= Beginning of Section =

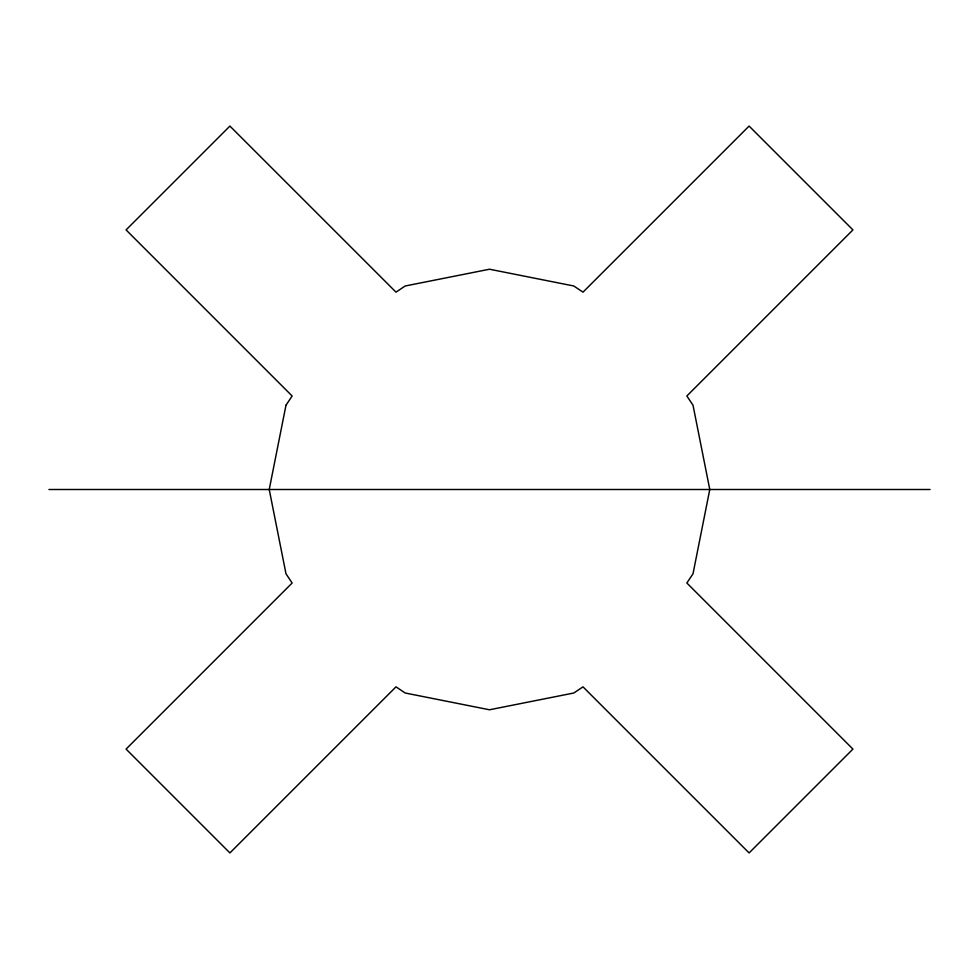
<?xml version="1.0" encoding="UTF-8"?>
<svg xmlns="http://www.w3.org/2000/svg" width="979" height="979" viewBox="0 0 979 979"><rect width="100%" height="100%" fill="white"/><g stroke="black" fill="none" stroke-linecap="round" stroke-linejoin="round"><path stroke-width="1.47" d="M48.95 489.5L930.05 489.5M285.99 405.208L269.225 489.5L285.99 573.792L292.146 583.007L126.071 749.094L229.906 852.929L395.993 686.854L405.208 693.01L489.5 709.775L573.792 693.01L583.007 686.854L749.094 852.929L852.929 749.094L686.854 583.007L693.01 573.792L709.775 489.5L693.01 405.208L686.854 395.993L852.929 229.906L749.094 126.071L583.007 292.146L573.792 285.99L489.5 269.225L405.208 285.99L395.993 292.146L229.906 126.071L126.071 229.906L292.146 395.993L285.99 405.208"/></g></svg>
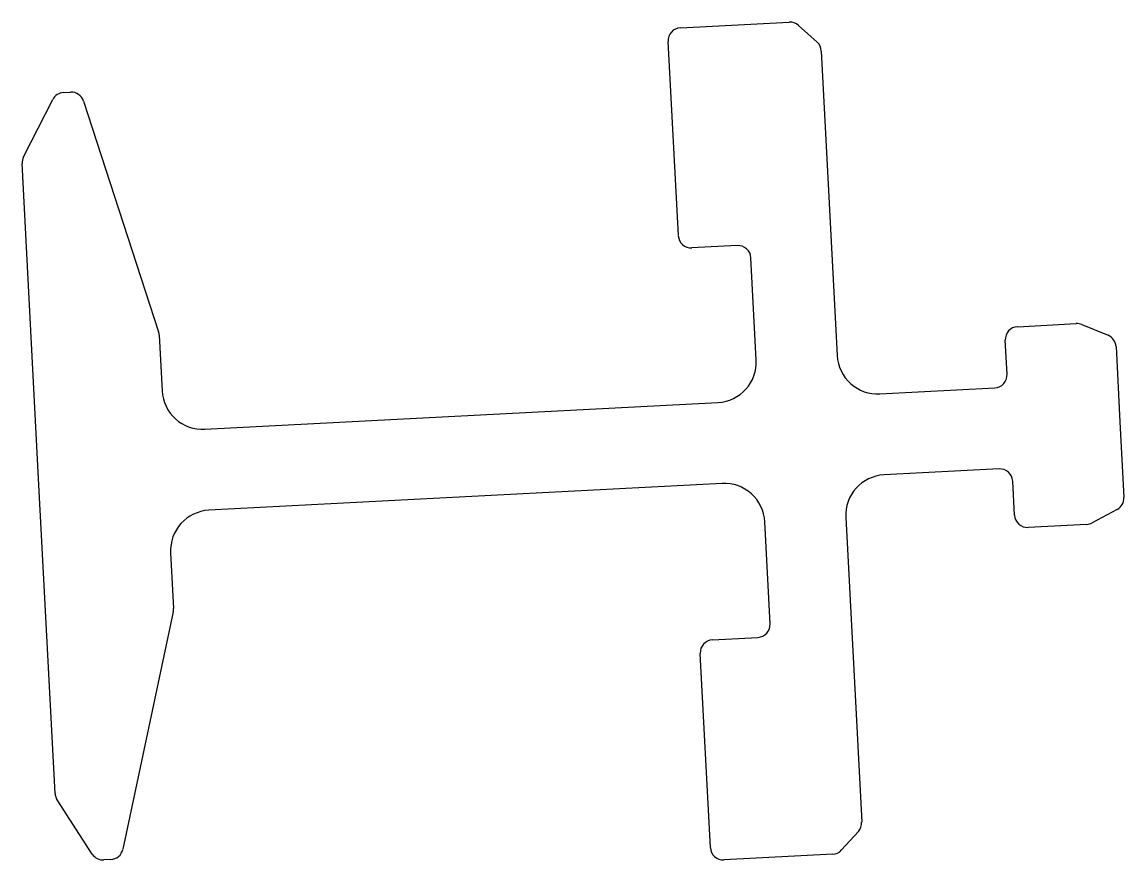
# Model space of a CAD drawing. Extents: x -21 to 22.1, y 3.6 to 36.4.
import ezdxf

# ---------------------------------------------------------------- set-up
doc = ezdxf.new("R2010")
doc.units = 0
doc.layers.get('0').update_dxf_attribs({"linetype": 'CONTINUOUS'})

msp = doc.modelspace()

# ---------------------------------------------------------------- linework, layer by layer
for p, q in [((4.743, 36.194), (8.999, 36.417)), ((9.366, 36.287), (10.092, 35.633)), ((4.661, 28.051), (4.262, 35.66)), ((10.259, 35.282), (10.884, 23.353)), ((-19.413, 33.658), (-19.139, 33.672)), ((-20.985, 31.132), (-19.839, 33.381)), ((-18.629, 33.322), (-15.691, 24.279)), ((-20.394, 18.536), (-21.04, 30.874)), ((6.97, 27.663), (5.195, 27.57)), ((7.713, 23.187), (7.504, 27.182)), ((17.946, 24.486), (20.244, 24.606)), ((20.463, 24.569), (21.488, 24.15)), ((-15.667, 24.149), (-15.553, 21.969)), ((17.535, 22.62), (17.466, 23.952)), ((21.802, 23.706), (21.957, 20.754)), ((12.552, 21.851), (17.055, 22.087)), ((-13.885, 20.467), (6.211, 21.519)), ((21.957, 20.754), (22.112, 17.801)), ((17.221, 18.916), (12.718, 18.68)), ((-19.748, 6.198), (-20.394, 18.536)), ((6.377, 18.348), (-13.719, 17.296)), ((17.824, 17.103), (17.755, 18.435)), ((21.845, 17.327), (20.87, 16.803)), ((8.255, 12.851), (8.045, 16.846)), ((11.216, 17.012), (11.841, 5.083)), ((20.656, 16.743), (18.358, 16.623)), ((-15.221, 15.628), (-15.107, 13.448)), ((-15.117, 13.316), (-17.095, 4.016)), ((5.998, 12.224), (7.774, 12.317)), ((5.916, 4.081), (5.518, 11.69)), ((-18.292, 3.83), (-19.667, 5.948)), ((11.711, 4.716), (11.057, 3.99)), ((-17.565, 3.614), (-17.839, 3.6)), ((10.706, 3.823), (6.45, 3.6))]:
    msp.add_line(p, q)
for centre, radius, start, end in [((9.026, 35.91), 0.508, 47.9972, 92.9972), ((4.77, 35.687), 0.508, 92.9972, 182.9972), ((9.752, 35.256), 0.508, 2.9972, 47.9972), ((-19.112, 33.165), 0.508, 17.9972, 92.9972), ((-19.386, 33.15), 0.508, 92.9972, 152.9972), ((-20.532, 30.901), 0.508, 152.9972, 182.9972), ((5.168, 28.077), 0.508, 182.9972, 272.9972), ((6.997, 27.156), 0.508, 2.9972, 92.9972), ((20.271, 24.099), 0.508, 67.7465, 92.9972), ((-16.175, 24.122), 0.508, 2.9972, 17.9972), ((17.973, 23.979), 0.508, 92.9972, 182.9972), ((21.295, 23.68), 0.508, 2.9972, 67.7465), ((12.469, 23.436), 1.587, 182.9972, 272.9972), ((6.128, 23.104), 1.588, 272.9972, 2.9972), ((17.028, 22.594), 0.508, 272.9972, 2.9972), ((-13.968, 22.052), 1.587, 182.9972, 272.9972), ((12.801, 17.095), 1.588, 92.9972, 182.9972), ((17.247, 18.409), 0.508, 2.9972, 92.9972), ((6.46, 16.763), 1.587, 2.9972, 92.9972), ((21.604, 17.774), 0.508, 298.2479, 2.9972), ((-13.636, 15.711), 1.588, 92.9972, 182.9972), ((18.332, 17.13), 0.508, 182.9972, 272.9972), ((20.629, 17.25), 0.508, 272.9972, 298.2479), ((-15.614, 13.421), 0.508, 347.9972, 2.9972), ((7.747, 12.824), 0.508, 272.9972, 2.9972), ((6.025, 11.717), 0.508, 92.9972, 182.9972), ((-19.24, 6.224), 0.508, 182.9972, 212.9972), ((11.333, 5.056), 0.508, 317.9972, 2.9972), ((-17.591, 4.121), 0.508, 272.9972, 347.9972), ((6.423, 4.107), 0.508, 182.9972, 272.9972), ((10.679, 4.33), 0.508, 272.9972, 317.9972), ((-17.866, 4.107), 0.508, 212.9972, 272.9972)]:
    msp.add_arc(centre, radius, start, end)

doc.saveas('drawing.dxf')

= End of Section =

Find every line in the records that contains the word "drawing"; copy those lines.

# Model space of a CAD drawing. Extents: x -21 to 22.1, y 3.6 to 36.4.
doc.saveas('drawing.dxf')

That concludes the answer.